We found the medial position of the greater trochanter is related to increased wear. From a mechanical point of view, it is known that medialization of the greater trochanter decreases the effective moment arm of the abductor muscles, increases the muscle force, and therefore increases the hip force [31]. According to the Archard/Lancaster relationship, a higher loading force is related to higher wear [1], as we also observed in this study (Table 1). Our observations confirm those of several clinical and theoretical studies suggesting increased wear is related to the lateral inclination of the acetabular cup [30, 33, 34, 41]. A small lateral coverage of the femoral head by the acetabulum decreases the contact area and contributes to a nonuniform stress distribution with elevated peak contact stress [14, 15, 34]. This effect is similar to the increased peak contact stress in dysplastic hips resulting from reduced lateral coverage of the acetabulum [23].

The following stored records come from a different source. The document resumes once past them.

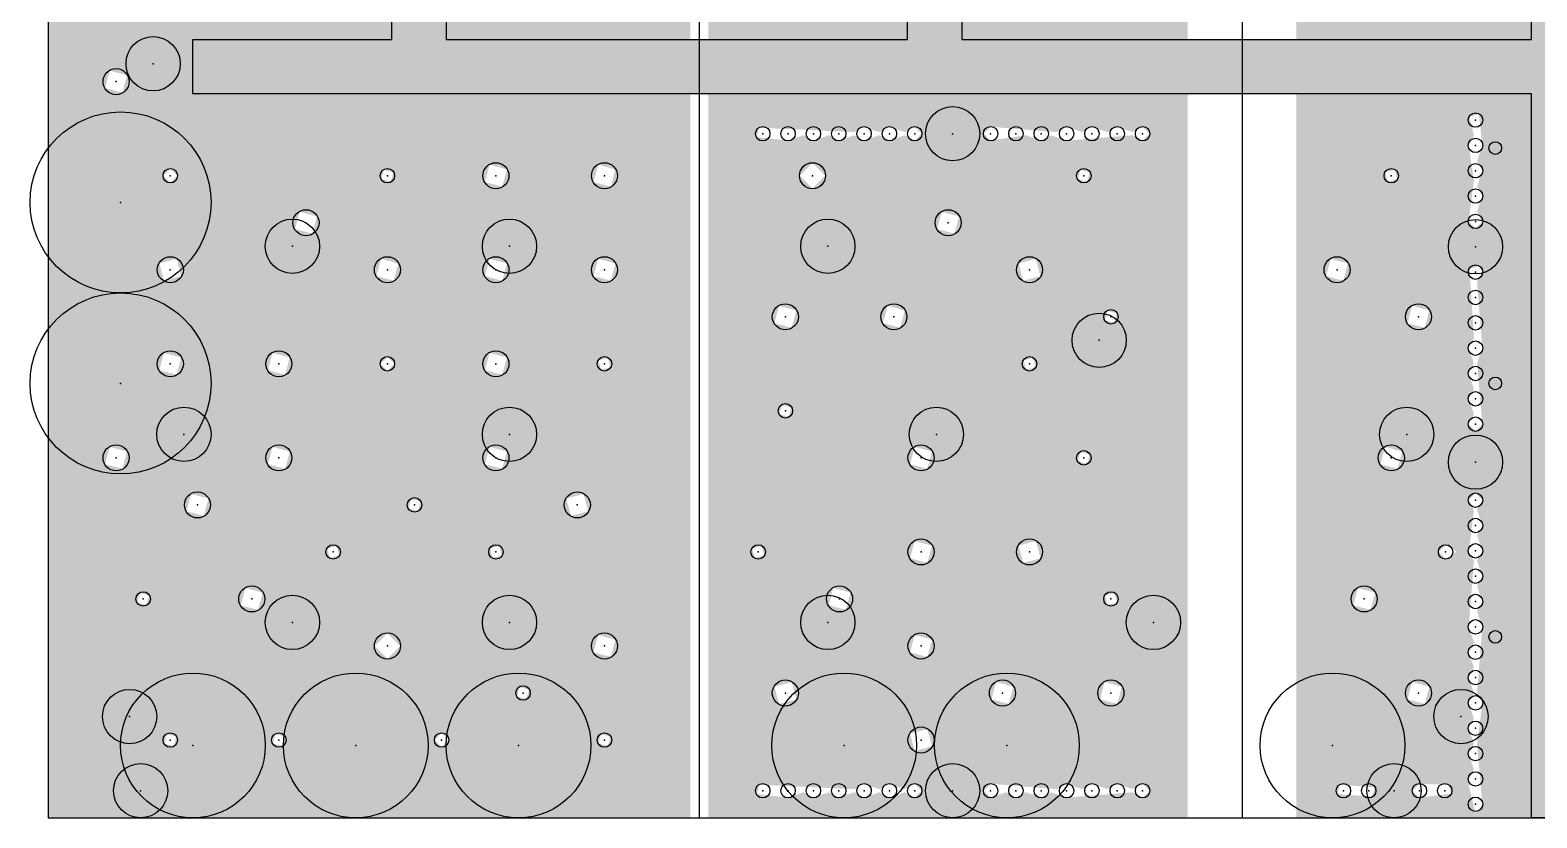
# Model space of a CAD drawing. Header units: metres. Extents: x -1 to 170, y 0 to 130.
# Drawn here: x -1 to 82.3, y 0 to 43.5 of the extents above; entities that cross this region are included whole.
import ezdxf

# ---------------------------------------------------------------- set-up
doc = ezdxf.new("R2010")
doc.units = ezdxf.units.M
for name, color, linetype in [('CABLE_COMM', 150, 'Continuous'), ('EXISTING_TREE_Липа мелколистная', 3, 'Continuous'), ('EXISTING_TREE_Тополь бальзамический', 3, 'Continuous'), ('LAMPS', 2, 'Continuous'), ('NEW_BUSH', 3, 'Continuous'), ('NEW_LAWN', 82, 'Continuous'), ('NEW_TREE', 3, 'Continuous'), ('PATHS', 33, 'Continuous'), ('SEWER_K1', 30, 'Continuous'), ('TERRITORY_BOUNDARY', 8, 'Continuous')]:
    doc.layers.add(name, color=color, linetype=linetype)

msp = doc.modelspace()

# ---------------------------------------------------------------- hatches: boundary and pattern name
at = {"layer": 'NEW_LAWN'}
h = msp.add_hatch(color=82, dxfattribs=at)
h.paths.add_polyline_path([(0.001, 116), (6, 116), (6, 100), (34, 100), (34, 112.25), (58.5, 112.25), (58.5, 110.001), (40, 110), (40, 70.5), (36, 70.5), (35.5, 70), (35.5, 43), (22, 43.01), (22, 54.999), (33, 55), (33, 75), (8, 75), (8, 55), (19, 55), (18.997, 43.003), (8, 43), (8, 40), (35.5, 40), (35.5, 0), (0, 0)])
h.paths.add_polyline_path([(34.301, 98.63), (34.476, 73.975), (34.099, 72.163), (34.798, 71.464), (35.403, 71.813), (35.699, 73.43), (35.699, 98.63), (35, 99.329)], flags=16)
h.paths.add_polyline_path([(32.799, 47.399), (33.055, 48.354), (32.101, 48.61), (31.845, 47.655)], flags=16)
h.paths.add_polyline_path([(31.651, 98.865), (31.301, 98.26), (31.301, 94.06), (32, 93.361), (32.699, 94.06), (32.699, 98.26), (32.349, 98.865)], flags=16)
h.paths.add_polyline_path([(31.651, 79.265), (31.301, 77.26), (32, 76.561), (32.605, 76.911), (32.699, 78.66), (32.349, 79.265)], flags=16)
h.paths.add_polyline_path([(31.301, 89.86), (31.395, 81.111), (32.349, 80.855), (32.699, 81.46), (32.699, 89.86), (32, 90.559)], flags=16)
h.paths.add_polyline_path([(31.099, 34.871), (31.355, 35.825), (30.401, 36.081), (30.145, 35.127)], flags=16)
h.paths.add_polyline_path([(31.099, 29.675), (31.355, 30.629), (30.401, 30.885), (30.145, 29.93)], flags=16)
h.paths.add_polyline_path([(31.099, 8.89), (31.355, 9.845), (30.401, 10.1), (30.145, 9.146)], flags=16)
h.paths.add_polyline_path([(31.078, 24.894), (30.939, 25.412), (30.422, 25.273), (30.561, 24.756)], flags=16)
h.paths.add_polyline_path([(30.939, 3.971), (31.078, 4.488), (30.561, 4.627), (30.422, 4.11)], flags=16)
h.paths.add_polyline_path([(29.855, 16.94), (29.599, 17.895), (28.645, 17.639), (28.901, 16.684)], flags=16)
h.paths.add_polyline_path([(29.855, 79.294), (29.599, 80.248), (28.645, 79.993), (28.901, 79.038)], flags=16)
h.paths.add_polyline_path([(28.555, 50.253), (28.299, 51.208), (27.345, 50.952), (27.601, 49.997)], flags=16)
h.paths.add_polyline_path([(28.355, 97.48), (28.099, 98.435), (27.145, 98.179), (27.401, 97.225)], flags=16)
h.paths.add_polyline_path([(26.599, 89.43), (26.855, 90.385), (25.901, 90.641), (25.645, 89.686)], flags=16)
h.paths.add_polyline_path([(26.599, 84.234), (26.855, 85.189), (25.901, 85.445), (25.645, 84.49)], flags=16)
h.paths.add_polyline_path([(26.439, 6.569), (26.578, 7.087), (26.061, 7.225), (25.922, 6.708)], flags=16)
h.paths.add_polyline_path([(25.099, 34.871), (25.355, 35.825), (24.401, 36.081), (24.145, 35.127)], flags=16)
h.paths.add_polyline_path([(25.099, 29.675), (25.355, 30.629), (24.401, 30.885), (24.145, 29.93)], flags=16)
h.paths.add_polyline_path([(25.099, 24.478), (25.355, 25.433), (24.401, 25.689), (24.145, 24.734)], flags=16)
h.paths.add_polyline_path([(25.099, 19.282), (25.355, 20.237), (24.401, 20.493), (24.145, 19.538)], flags=16)
h.paths.add_polyline_path([(25.078, 14.502), (24.939, 15.019), (24.422, 14.881), (24.561, 14.363)], flags=16)
h.paths.add_polyline_path([(23.855, 79.294), (23.599, 80.248), (22.645, 79.993), (22.901, 79.038)], flags=16)
h.paths.add_polyline_path([(22.129, 4.299), (21.75, 4.678), (21.371, 4.299), (21.75, 3.92)], flags=16)
h.paths.add_polyline_path([(20.599, 94.626), (20.855, 95.581), (19.901, 95.837), (19.645, 94.882)], flags=16)
h.paths.add_polyline_path([(20.439, 16.961), (20.578, 17.479), (20.061, 17.617), (19.922, 17.1)], flags=16)
h.paths.add_polyline_path([(19.099, 86.832), (19.355, 87.787), (18.401, 88.043), (18.145, 87.088)], flags=16)
h.paths.add_polyline_path([(19.099, 29.675), (19.355, 30.629), (18.401, 30.885), (18.145, 29.93)], flags=16)
h.paths.add_polyline_path([(19.449, 9.495), (18.75, 10.194), (18.051, 9.495), (18.75, 8.796)], flags=16)
h.paths.add_polyline_path([(18.939, 35.148), (19.078, 35.665), (18.561, 35.804), (18.422, 35.287)], flags=16)
h.paths.add_polyline_path([(19.129, 25.084), (18.75, 25.462), (18.371, 25.084), (18.75, 24.705)], flags=16)
h.paths.add_polyline_path([(17.439, 79.315), (17.578, 79.833), (17.061, 79.971), (16.922, 79.454)], flags=16)
h.paths.add_polyline_path([(16.078, 14.502), (15.939, 15.019), (15.422, 14.881), (15.561, 14.363)], flags=16)
h.paths.add_polyline_path([(14.599, 32.273), (14.855, 33.227), (13.901, 33.483), (13.645, 32.528)], flags=16)
h.paths.add_polyline_path([(14.599, 94.626), (14.855, 95.581), (13.901, 95.837), (13.645, 94.882)], flags=16)
h.paths.add_polyline_path([(13.099, 50.459), (13.355, 51.414), (12.401, 51.67), (12.145, 50.715)], flags=16)
h.paths.add_polyline_path([(13.099, 24.478), (13.355, 25.433), (12.401, 25.689), (12.145, 24.734)], flags=16)
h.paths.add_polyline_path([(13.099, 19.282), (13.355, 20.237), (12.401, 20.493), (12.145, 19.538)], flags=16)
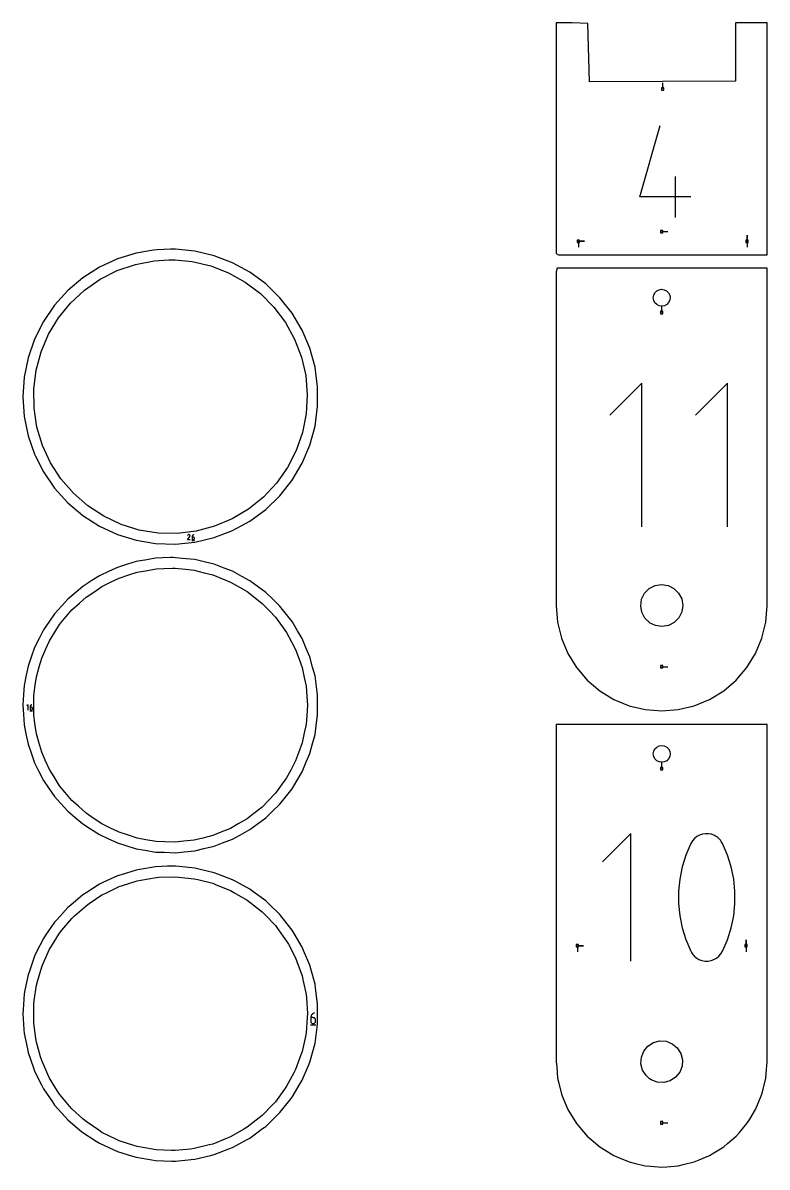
# Model space of a CAD drawing. Extents: x 0 to 800, y 0 to 1000.
# Drawn here: x 392.4 to 569, y 544.1 to 815.4 of the extents above; entities that cross this region are included whole.
import ezdxf

# ---------------------------------------------------------------- set-up
doc = ezdxf.new("R2010")
doc.units = 0
doc.header["$MEASUREMENT"] = 0
for name, color, linetype in [('annotation', 7, 'Continuous'), ('boundary', 7, 'Continuous'), ('hole', 7, 'Continuous')]:
    doc.layers.add(name, color=color, linetype=linetype)

msp = doc.modelspace()

# ---------------------------------------------------------------- linework, layer by layer
at = {"layer": 'annotation', "color": 1}
for p, q in [((544.203239, 799.737089), (544.203239, 801.165839)), ((538.774577, 774.120184), (543.60474, 791.059905)), ((547.243754, 769.277727), (547.243754, 778.951713)), ((550.869109, 774.120184), (538.774577, 774.120184)), ((543.965114, 765.903964), (545.393864, 765.903964)), ((524.203238, 763.61834), (525.631988, 763.61834)), ((524.203238, 763.61834), (525.631988, 763.61834)), ((525.631988, 763.61834), (524.203238, 763.61834)), ((524.203238, 763.61834), (524.203238, 762.18959)), ((564.20324, 763.61834), (564.20324, 765.04709)), ((564.20324, 763.61834), (564.20324, 765.04709)), ((564.20324, 765.04709), (564.20324, 763.61834)), ((564.20324, 763.61834), (564.20324, 762.18959)), ((543.965114, 746.728965), (543.965114, 748.157715)), ((539.223315, 729.944611), (531.659477, 722.37864)), ((539.223315, 695.92121), (539.223315, 729.944611)), ((559.545928, 729.944611), (551.98209, 722.37864)), ((559.545928, 695.92121), (559.545928, 729.944611)), ((431.517527, 692.782109), (432.034519, 693.614401)), ((432.077023, 692.782109), (431.517527, 692.782109)), ((431.555053, 693.901812), (431.518317, 693.831342)), ((431.584206, 693.943151), (431.555053, 693.901812)), ((431.619183, 693.97766), (431.584206, 693.943151)), ((431.658921, 694.005062), (431.619183, 693.97766)), ((431.702355, 694.025081), (431.658921, 694.005062)), ((431.748422, 694.03744), (431.702355, 694.025081)), ((431.796058, 694.041863), (431.748422, 694.03744)), ((431.844199, 694.038073), (431.796058, 694.041863)), ((431.891781, 694.025795), (431.844199, 694.038073)), ((431.937741, 694.004752), (431.891781, 694.025795)), ((431.978848, 693.975563), (431.937741, 694.004752)), ((431.937741, 694.004752), (431.937741, 694.004752)), ((432.013217, 693.940535), (431.978848, 693.975563)), ((432.040544, 693.900744), (432.013217, 693.940535)), ((432.034519, 693.614401), (432.035137, 693.615165)), ((432.034519, 693.614401), (432.034519, 693.614401)), ((432.035137, 693.615165), (432.03573, 693.615937)), ((432.03573, 693.615937), (432.036301, 693.616721)), ((432.036301, 693.616721), (432.036855, 693.617525)), ((432.036855, 693.617525), (432.037395, 693.618355)), ((432.037395, 693.618355), (432.037925, 693.619217)), ((432.037925, 693.619217), (432.03845, 693.620118)), ((432.03845, 693.620118), (432.038972, 693.621065)), ((432.038972, 693.621065), (432.039497, 693.622064)), ((432.039497, 693.622064), (432.060843, 693.667897)), ((432.039497, 693.622064), (432.039497, 693.622064)), ((432.060523, 693.857262), (432.040544, 693.900744)), ((432.072847, 693.811162), (432.060523, 693.857262)), ((432.060843, 693.667897), (432.073313, 693.715406)), ((432.077213, 693.763519), (432.072847, 693.811162)), ((432.073313, 693.715406), (432.077213, 693.763519)), ((432.514495, 692.624648), (433.144383, 692.624648)), ((432.555727, 693.566047), (432.549533, 693.480897)), ((432.549533, 693.480897), (432.549533, 693.062183)), ((432.829281, 693.480897), (432.549533, 693.480897)), ((432.549533, 693.062183), (432.549533, 693.062183)), ((432.549533, 693.062183), (432.55405, 693.011859)), ((432.55405, 693.011859), (432.567068, 692.964487)), ((432.573807, 693.647861), (432.555727, 693.566047)), ((432.567068, 692.964487), (432.587791, 692.92086)), ((432.603018, 693.725322), (432.573807, 693.647861)), ((432.587791, 692.92086), (432.615421, 692.881769)), ((432.642604, 693.797416), (432.603018, 693.725322)), ((432.615421, 692.881769), (432.649161, 692.848009)), ((432.691811, 693.863131), (432.642604, 693.797416)), ((432.649161, 692.848009), (432.688215, 692.820371)), ((432.688215, 692.820371), (432.731784, 692.799649)), ((432.749883, 693.92145), (432.691811, 693.863131)), ((432.731784, 692.799649), (432.779072, 692.786634)), ((432.816067, 693.97136), (432.749883, 693.92145)), ((432.779072, 692.786634), (432.829281, 692.782119)), ((432.889607, 694.011846), (432.816067, 693.97136)), ((432.879594, 693.476407), (432.829281, 693.480897)), ((432.829281, 692.782119), (432.879594, 692.786634)), ((432.829281, 692.782119), (432.829281, 692.782119)), ((432.926937, 693.463457), (432.879594, 693.476407)), ((432.879594, 692.786634), (432.926937, 692.799649)), ((432.969747, 694.041894), (432.889607, 694.011846)), ((432.970523, 693.442829), (432.926937, 693.463457)), ((432.926937, 692.799649), (432.970523, 692.820371)), ((432.969747, 694.041894), (432.969747, 694.041894)), ((433.009563, 693.415304), (432.970523, 693.442829)), ((432.970523, 692.820371), (433.009563, 692.848009)), ((433.043271, 693.381661), (433.009563, 693.415304)), ((433.009563, 692.848009), (433.043271, 692.881769)), ((433.070859, 693.342683), (433.043271, 693.381661)), ((433.043271, 692.881769), (433.070859, 692.92086)), ((433.09154, 693.29915), (433.070859, 693.342683)), ((433.070859, 692.92086), (433.09154, 692.964487)), ((433.104525, 693.251844), (433.09154, 693.29915)), ((433.09154, 692.964487), (433.104525, 693.011859)), ((433.109029, 693.201544), (433.104525, 693.251844)), ((433.104525, 693.011859), (433.109029, 693.062183)), ((433.109029, 693.062183), (433.109029, 693.201544)), ((433.109029, 693.201544), (433.109029, 693.201544)), ((543.965114, 662.728966), (545.393864, 662.728966)), ((393.662958, 653.693057), (393.382894, 653.412914)), ((393.662958, 652.433283), (393.662958, 653.693057)), ((394.100296, 652.275811), (394.730183, 652.275811)), ((394.141528, 653.217211), (394.135334, 653.13206)), ((394.135334, 653.13206), (394.135334, 652.713347)), ((394.415082, 653.13206), (394.135334, 653.13206)), ((394.135334, 652.713347), (394.135334, 652.713347)), ((394.135334, 652.713347), (394.13985, 652.663023)), ((394.13985, 652.663023), (394.152869, 652.615651)), ((394.159608, 653.299024), (394.141528, 653.217211)), ((394.152869, 652.615651), (394.173591, 652.572023)), ((394.188818, 653.376485), (394.159608, 653.299024)), ((394.173591, 652.572023), (394.201222, 652.532933)), ((394.228405, 653.44858), (394.188818, 653.376485)), ((394.201222, 652.532933), (394.234962, 652.499173)), ((394.277611, 653.514294), (394.228405, 653.44858)), ((394.234962, 652.499173), (394.274015, 652.471535)), ((394.274015, 652.471535), (394.317585, 652.450812)), ((394.335684, 653.572614), (394.277611, 653.514294)), ((394.317585, 652.450812), (394.364872, 652.437798)), ((394.401868, 653.622523), (394.335684, 653.572614)), ((394.364872, 652.437798), (394.415082, 652.433283)), ((394.475407, 653.663009), (394.401868, 653.622523)), ((394.465395, 653.12757), (394.415082, 653.13206)), ((394.415082, 652.433283), (394.465395, 652.437798)), ((394.415082, 652.433283), (394.415082, 652.433283)), ((394.512738, 653.114621), (394.465395, 653.12757)), ((394.465395, 652.437798), (394.512738, 652.450812)), ((394.555548, 653.693057), (394.475407, 653.663009)), ((394.556324, 653.093993), (394.512738, 653.114621)), ((394.512738, 652.450812), (394.556324, 652.471535)), ((394.555548, 653.693057), (394.555548, 653.693057)), ((394.595364, 653.066467), (394.556324, 653.093993)), ((394.556324, 652.471535), (394.595364, 652.499173)), ((394.629072, 653.032825), (394.595364, 653.066467)), ((394.595364, 652.499173), (394.629072, 652.532933)), ((394.65666, 652.993847), (394.629072, 653.032825)), ((394.629072, 652.532933), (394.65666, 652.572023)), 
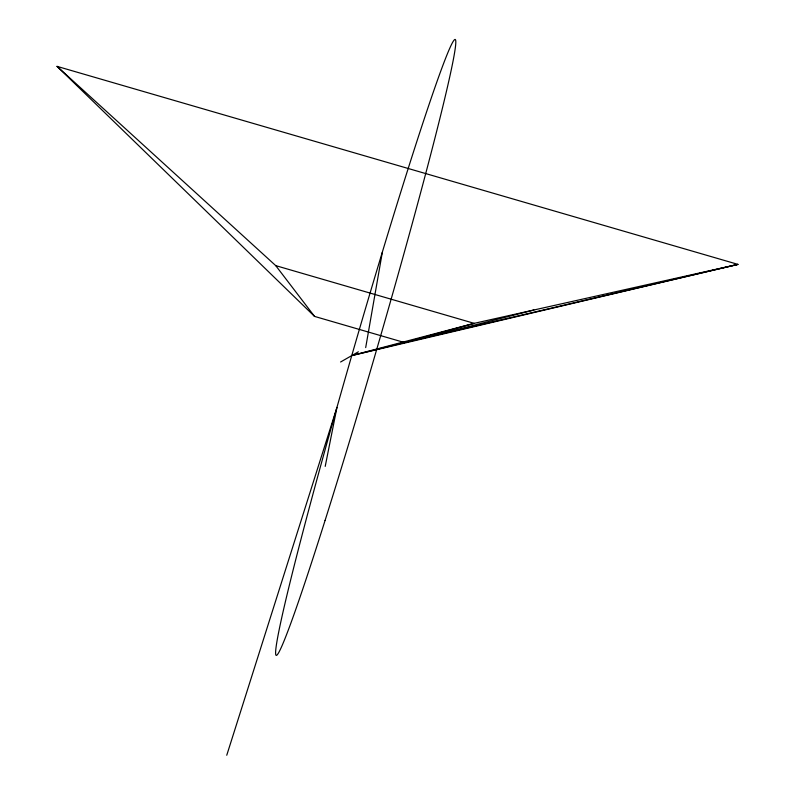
<?xml version="1.0" encoding="UTF-8"?>
<svg xmlns="http://www.w3.org/2000/svg" width="795" height="795" viewBox="0 0 795 795"><rect width="100%" height="100%" fill="white"/><g stroke="black" fill="none" stroke-linecap="round" stroke-linejoin="round"><path stroke-width="1.19" d="M365.69 347.594L382.286 252.532M325.205 466.397L336.961 407.408L226.754 755.25M340.588 362.003L358.376 351.797M404.496 342.556L474.178 323.346L737.959 264.387L57.041 66.363L314.542 316.4L404.496 342.556L737.959 264.387L351.797 355.564L474.178 323.346L275.746 265.639L57.041 66.363M275.746 265.639L314.542 316.4M533.892 310A320.584 4.422 -13.8 0 1 351.797 355.564M325.076 520.457A320.584 11.12 -73.8 0 0 455.714 40.565A320.584 11.12 -73.8 0 0 316.301 481.77A320.584 11.12 -73.8 0 0 325.076 520.457"/></g></svg>

The relationship between postoperative contact stress and wear at followup suggests contact stress might be used as an objective function in computer-assisted preoperative planning. Currently, only the geometry of the proximal femur and acetabulum are considered in preoperative planning (eg, TraumaCad; Columbia, MD, USA) and contact stress distribution or loading force is not considered. The peak contact stress calculation we describe is based on analysis of the whole pelvis. Even if some geometric parameters (eg, l, H, C, x [Table 1]) do not show a correlation with wear, they might be important in contact stress calculation. However, a primary role for contact stress is suggested by the considerably higher value of the correlation coefficient in comparison to the correlation coefficients of the individual geometric parameters (z, α). Prostheses with a ceramic femoral head and cross-linked polyethylene might be used in patients with unfavorable geometry of the hip to reduce the expected high wear, whereas positions of the acetabular cup related to high contact stress can be identified before implantation.

Our data confirm the role of in vivo contact stress in polyethylene wear in THA suggested in previous theoretical [2, 20, 24, 25, 33, 34] and experimental [27] studies. The relationship between postoperative contact stress and wear at followup indicates that the approach might be used for long-term wear predictions based on analysis of the standard postoperative AP radiograph.